**WHAT NEEDS TO BE DONE:** Identify all lines in the data containing the string "Replace". Copy them out.

**DATA EXCERPTS:**

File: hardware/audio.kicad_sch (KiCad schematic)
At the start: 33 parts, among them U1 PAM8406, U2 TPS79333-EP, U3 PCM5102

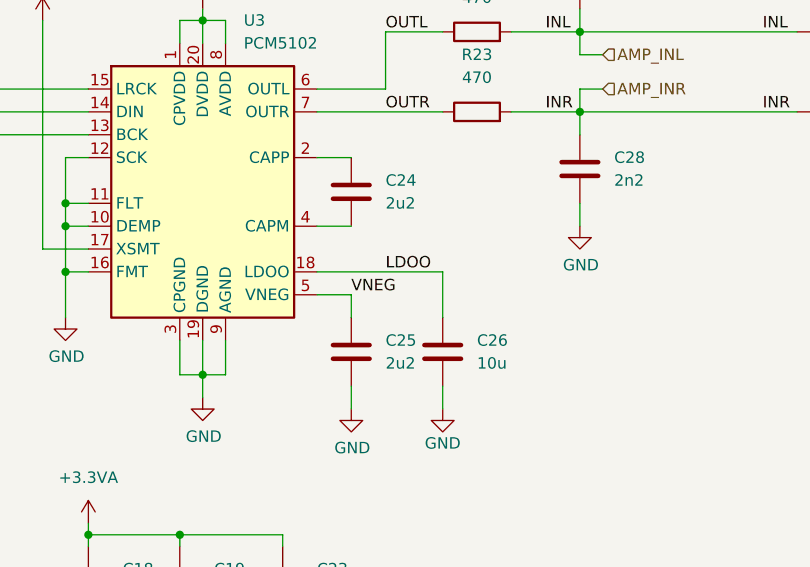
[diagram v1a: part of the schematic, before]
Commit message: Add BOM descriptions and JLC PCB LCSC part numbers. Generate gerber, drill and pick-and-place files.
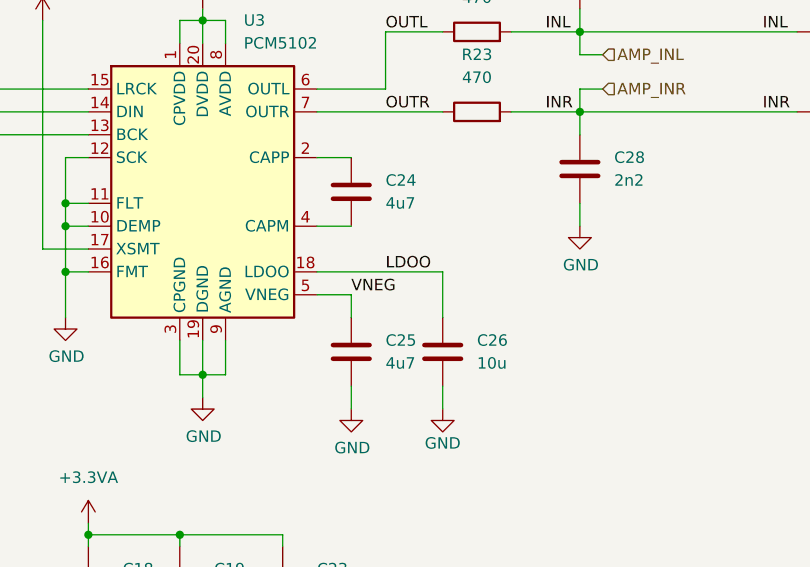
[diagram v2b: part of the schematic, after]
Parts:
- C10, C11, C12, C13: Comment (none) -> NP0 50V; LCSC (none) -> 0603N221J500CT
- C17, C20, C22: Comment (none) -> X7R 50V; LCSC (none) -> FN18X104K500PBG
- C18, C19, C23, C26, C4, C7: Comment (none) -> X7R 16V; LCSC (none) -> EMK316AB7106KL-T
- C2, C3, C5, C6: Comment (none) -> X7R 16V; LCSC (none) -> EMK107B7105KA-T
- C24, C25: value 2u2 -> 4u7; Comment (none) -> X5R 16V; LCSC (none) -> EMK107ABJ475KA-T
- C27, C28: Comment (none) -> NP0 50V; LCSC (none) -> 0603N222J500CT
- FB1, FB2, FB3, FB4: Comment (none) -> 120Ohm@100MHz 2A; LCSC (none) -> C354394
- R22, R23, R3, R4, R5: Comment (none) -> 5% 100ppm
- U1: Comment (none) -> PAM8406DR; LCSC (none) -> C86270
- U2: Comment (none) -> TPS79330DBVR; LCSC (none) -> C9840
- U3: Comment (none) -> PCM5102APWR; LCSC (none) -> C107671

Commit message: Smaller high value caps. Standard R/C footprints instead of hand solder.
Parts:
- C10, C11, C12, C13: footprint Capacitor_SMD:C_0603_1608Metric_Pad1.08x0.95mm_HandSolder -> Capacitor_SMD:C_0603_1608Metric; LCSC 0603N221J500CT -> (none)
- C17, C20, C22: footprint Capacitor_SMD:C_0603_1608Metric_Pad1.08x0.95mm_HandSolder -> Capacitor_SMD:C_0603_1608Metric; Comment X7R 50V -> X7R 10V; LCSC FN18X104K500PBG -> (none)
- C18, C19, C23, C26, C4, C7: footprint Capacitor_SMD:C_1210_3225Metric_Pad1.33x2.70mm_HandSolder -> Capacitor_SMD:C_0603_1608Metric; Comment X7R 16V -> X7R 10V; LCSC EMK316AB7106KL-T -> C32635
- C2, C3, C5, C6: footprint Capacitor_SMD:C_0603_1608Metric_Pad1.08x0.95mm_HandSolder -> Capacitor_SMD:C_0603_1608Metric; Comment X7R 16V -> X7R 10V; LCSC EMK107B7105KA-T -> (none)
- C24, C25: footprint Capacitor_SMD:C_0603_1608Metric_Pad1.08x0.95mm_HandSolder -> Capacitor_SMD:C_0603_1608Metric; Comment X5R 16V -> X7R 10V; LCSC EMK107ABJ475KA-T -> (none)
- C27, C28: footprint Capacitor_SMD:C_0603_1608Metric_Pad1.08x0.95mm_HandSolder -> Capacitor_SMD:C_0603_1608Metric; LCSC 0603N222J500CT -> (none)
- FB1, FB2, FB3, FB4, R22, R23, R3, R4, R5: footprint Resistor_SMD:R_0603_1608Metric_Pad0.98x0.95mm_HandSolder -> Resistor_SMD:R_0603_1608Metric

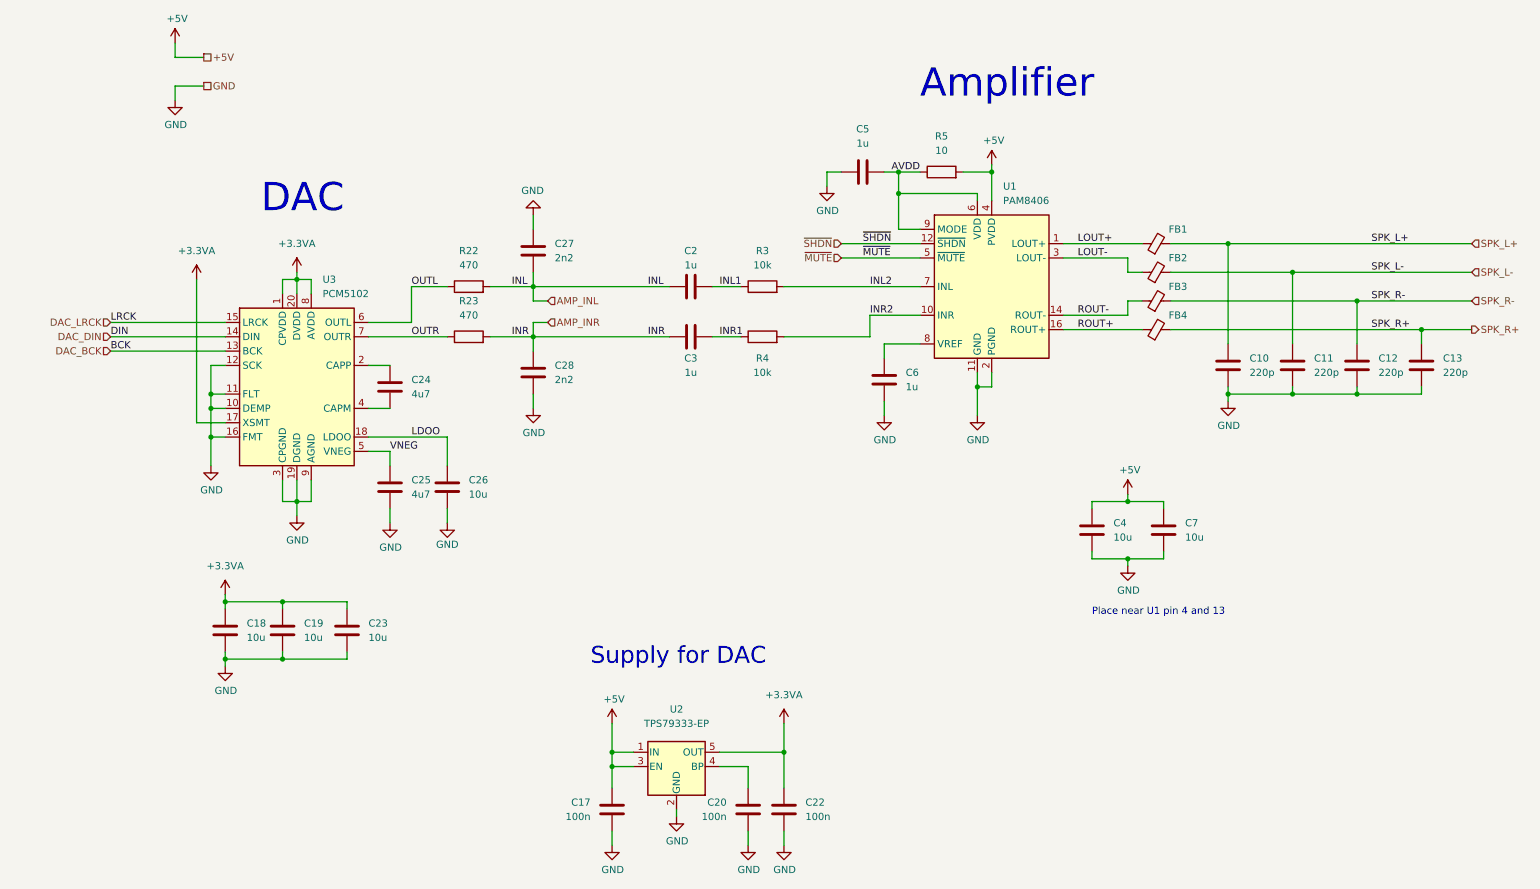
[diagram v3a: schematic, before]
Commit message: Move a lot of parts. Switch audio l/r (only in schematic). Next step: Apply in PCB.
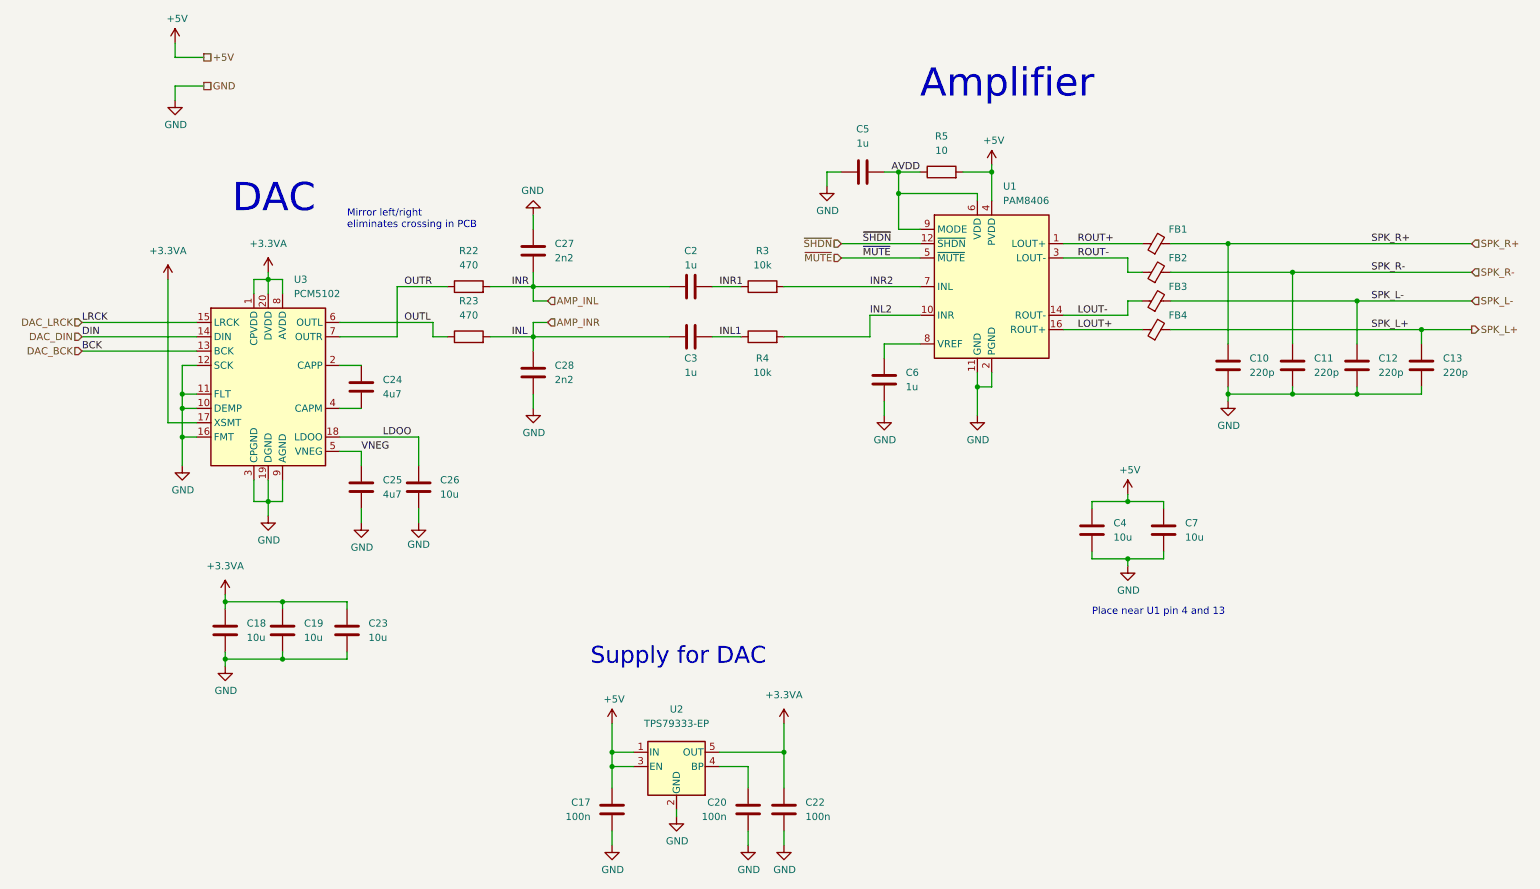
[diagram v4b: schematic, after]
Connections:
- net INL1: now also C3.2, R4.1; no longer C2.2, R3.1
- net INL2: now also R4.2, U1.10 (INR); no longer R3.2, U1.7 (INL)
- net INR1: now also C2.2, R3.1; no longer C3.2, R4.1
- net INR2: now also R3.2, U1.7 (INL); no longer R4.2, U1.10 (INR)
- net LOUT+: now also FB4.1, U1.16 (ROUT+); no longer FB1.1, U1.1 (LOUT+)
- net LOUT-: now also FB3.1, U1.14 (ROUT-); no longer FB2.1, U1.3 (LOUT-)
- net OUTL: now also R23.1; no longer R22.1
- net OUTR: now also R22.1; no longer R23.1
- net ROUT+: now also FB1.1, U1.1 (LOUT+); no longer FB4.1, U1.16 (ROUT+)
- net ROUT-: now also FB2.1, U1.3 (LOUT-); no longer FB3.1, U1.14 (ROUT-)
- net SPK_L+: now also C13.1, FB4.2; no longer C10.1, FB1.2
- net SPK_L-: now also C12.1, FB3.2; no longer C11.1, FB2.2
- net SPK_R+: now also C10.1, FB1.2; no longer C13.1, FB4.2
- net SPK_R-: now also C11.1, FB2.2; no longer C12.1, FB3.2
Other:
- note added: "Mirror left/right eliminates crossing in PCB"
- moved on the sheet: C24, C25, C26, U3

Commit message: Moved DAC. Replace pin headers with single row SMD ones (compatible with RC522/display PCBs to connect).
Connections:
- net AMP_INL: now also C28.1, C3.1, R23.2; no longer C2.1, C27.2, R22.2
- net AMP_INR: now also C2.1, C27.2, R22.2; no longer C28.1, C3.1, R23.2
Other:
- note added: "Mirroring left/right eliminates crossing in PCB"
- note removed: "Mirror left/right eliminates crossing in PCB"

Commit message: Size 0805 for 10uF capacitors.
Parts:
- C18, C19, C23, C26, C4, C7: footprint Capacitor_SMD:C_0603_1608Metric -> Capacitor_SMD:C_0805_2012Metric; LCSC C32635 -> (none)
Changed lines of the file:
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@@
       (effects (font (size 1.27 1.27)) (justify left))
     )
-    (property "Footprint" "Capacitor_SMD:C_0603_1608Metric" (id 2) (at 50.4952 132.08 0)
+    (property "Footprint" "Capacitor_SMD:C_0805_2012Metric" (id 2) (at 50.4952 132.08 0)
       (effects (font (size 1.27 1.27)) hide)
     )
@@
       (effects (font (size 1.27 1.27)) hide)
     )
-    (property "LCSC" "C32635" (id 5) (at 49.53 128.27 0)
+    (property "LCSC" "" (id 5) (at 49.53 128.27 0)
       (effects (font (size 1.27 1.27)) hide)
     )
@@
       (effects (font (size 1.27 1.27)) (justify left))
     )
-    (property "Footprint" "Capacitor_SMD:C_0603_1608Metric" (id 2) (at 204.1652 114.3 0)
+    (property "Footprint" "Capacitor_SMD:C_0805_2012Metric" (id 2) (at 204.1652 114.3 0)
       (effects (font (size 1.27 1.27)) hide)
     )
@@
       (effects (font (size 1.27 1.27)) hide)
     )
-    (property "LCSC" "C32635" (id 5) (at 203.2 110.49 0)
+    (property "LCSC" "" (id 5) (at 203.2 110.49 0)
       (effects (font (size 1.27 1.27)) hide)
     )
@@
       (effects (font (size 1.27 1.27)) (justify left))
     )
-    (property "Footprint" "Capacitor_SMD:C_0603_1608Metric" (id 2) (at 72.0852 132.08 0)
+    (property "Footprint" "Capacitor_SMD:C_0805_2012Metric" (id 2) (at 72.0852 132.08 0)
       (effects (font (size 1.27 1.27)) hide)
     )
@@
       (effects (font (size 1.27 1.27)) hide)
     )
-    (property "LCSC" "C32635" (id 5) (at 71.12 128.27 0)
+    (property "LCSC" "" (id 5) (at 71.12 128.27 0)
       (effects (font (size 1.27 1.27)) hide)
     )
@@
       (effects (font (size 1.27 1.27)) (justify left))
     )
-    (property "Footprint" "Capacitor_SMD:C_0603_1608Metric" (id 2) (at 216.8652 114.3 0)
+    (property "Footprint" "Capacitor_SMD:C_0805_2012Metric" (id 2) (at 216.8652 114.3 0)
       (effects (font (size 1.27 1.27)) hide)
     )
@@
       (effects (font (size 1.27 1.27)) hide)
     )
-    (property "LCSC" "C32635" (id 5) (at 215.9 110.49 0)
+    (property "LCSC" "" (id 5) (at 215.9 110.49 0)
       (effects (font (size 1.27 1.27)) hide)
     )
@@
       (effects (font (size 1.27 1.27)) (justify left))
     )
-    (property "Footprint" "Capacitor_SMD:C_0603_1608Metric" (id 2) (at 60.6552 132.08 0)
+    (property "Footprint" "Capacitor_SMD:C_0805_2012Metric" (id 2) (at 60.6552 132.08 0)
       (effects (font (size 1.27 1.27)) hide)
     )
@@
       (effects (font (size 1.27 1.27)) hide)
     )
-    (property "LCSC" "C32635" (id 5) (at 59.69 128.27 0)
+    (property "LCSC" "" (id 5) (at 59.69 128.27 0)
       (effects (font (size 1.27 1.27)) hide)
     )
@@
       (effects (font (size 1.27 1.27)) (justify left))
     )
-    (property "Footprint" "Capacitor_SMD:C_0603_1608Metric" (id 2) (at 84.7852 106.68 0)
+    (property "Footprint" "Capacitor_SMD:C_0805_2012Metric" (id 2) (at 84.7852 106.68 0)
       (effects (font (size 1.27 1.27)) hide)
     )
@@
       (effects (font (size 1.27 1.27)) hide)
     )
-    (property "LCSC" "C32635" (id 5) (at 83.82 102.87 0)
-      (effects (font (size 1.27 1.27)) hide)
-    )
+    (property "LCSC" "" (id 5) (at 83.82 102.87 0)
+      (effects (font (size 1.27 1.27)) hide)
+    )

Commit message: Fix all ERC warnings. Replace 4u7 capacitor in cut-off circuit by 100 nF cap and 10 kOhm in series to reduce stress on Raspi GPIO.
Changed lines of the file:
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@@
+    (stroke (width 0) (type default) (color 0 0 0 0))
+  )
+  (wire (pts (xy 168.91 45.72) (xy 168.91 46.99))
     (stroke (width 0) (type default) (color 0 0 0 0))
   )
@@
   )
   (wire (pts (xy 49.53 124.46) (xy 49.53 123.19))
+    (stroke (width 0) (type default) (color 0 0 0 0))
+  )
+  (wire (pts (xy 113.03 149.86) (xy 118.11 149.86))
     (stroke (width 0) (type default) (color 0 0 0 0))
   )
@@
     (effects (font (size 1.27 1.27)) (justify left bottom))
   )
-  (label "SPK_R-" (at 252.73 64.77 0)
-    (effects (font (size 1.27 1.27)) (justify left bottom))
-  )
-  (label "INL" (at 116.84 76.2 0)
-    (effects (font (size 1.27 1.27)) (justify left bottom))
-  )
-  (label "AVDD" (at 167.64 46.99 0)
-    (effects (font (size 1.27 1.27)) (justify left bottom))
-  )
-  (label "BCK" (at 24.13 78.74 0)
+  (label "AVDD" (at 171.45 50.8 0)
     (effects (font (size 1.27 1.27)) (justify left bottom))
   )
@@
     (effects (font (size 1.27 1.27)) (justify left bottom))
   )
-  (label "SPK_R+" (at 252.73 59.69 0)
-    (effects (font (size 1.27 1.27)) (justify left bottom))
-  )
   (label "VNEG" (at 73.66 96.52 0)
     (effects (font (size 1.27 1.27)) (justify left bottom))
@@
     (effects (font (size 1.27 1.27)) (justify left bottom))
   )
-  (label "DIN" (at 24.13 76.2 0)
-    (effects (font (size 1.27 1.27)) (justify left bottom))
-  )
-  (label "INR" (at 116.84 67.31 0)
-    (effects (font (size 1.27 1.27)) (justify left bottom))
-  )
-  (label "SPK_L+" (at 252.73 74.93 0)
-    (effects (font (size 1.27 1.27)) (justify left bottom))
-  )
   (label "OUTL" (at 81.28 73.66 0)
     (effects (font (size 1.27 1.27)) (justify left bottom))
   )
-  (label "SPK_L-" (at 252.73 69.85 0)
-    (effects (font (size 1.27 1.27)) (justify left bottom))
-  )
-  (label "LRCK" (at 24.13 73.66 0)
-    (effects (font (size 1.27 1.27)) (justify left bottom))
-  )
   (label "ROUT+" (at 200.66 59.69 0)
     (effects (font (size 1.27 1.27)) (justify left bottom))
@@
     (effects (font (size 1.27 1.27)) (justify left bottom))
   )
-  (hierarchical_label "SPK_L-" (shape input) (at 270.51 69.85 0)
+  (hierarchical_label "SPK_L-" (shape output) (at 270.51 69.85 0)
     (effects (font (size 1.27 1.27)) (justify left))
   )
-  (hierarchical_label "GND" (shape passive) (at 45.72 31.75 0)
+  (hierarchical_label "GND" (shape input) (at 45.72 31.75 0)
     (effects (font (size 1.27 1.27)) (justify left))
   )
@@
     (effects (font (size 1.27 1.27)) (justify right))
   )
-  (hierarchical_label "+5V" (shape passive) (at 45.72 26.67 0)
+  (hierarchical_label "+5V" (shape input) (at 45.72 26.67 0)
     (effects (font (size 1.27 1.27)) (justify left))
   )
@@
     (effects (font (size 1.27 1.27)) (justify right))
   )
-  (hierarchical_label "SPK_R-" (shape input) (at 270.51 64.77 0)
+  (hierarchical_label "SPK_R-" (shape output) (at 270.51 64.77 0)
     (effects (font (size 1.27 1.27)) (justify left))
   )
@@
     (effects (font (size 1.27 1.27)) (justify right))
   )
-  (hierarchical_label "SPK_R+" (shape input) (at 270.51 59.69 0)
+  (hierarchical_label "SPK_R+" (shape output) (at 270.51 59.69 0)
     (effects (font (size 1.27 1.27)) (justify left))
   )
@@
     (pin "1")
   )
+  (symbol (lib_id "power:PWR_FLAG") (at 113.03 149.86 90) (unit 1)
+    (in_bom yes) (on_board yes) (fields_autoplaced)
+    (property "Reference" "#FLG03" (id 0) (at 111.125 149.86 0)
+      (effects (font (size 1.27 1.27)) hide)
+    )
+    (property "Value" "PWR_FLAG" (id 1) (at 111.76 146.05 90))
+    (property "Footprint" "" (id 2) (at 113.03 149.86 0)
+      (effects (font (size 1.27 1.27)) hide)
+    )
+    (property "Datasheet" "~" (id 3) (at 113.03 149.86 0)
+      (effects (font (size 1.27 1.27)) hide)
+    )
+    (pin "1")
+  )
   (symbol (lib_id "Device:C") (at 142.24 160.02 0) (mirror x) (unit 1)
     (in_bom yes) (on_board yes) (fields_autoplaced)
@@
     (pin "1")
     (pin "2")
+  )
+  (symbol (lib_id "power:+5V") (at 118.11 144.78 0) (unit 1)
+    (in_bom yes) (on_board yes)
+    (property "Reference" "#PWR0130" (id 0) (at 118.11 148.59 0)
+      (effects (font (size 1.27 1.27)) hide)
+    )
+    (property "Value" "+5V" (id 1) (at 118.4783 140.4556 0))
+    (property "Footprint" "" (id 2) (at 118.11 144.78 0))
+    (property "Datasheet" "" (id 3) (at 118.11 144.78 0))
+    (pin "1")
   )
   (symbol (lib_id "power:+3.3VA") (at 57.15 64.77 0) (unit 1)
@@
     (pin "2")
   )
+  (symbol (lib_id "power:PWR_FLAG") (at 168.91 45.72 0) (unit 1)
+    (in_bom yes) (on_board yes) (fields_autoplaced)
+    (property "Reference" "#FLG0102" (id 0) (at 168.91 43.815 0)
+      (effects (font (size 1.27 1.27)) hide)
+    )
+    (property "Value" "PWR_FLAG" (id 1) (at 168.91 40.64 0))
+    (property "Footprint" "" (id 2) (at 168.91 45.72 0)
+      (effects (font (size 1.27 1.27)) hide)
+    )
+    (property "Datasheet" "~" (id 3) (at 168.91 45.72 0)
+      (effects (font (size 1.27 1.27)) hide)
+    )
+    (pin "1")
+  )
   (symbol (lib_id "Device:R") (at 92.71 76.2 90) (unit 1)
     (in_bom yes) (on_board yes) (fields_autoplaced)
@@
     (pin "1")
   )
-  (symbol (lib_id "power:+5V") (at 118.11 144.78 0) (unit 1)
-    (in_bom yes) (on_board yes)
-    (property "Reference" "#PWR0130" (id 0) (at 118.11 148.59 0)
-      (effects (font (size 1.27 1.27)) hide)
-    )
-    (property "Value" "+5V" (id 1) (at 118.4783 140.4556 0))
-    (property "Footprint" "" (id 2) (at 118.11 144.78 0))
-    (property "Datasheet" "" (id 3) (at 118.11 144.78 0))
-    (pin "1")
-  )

**EXERCISE SOLUTION:**
Commit message: Moved DAC. Replace pin headers with single row SMD ones (compatible with RC522/display PCBs to connect).
Commit message: Fix all ERC warnings. Replace 4u7 capacitor in cut-off circuit by 100 nF cap and 10 kOhm in series to reduce stress on Raspi GPIO.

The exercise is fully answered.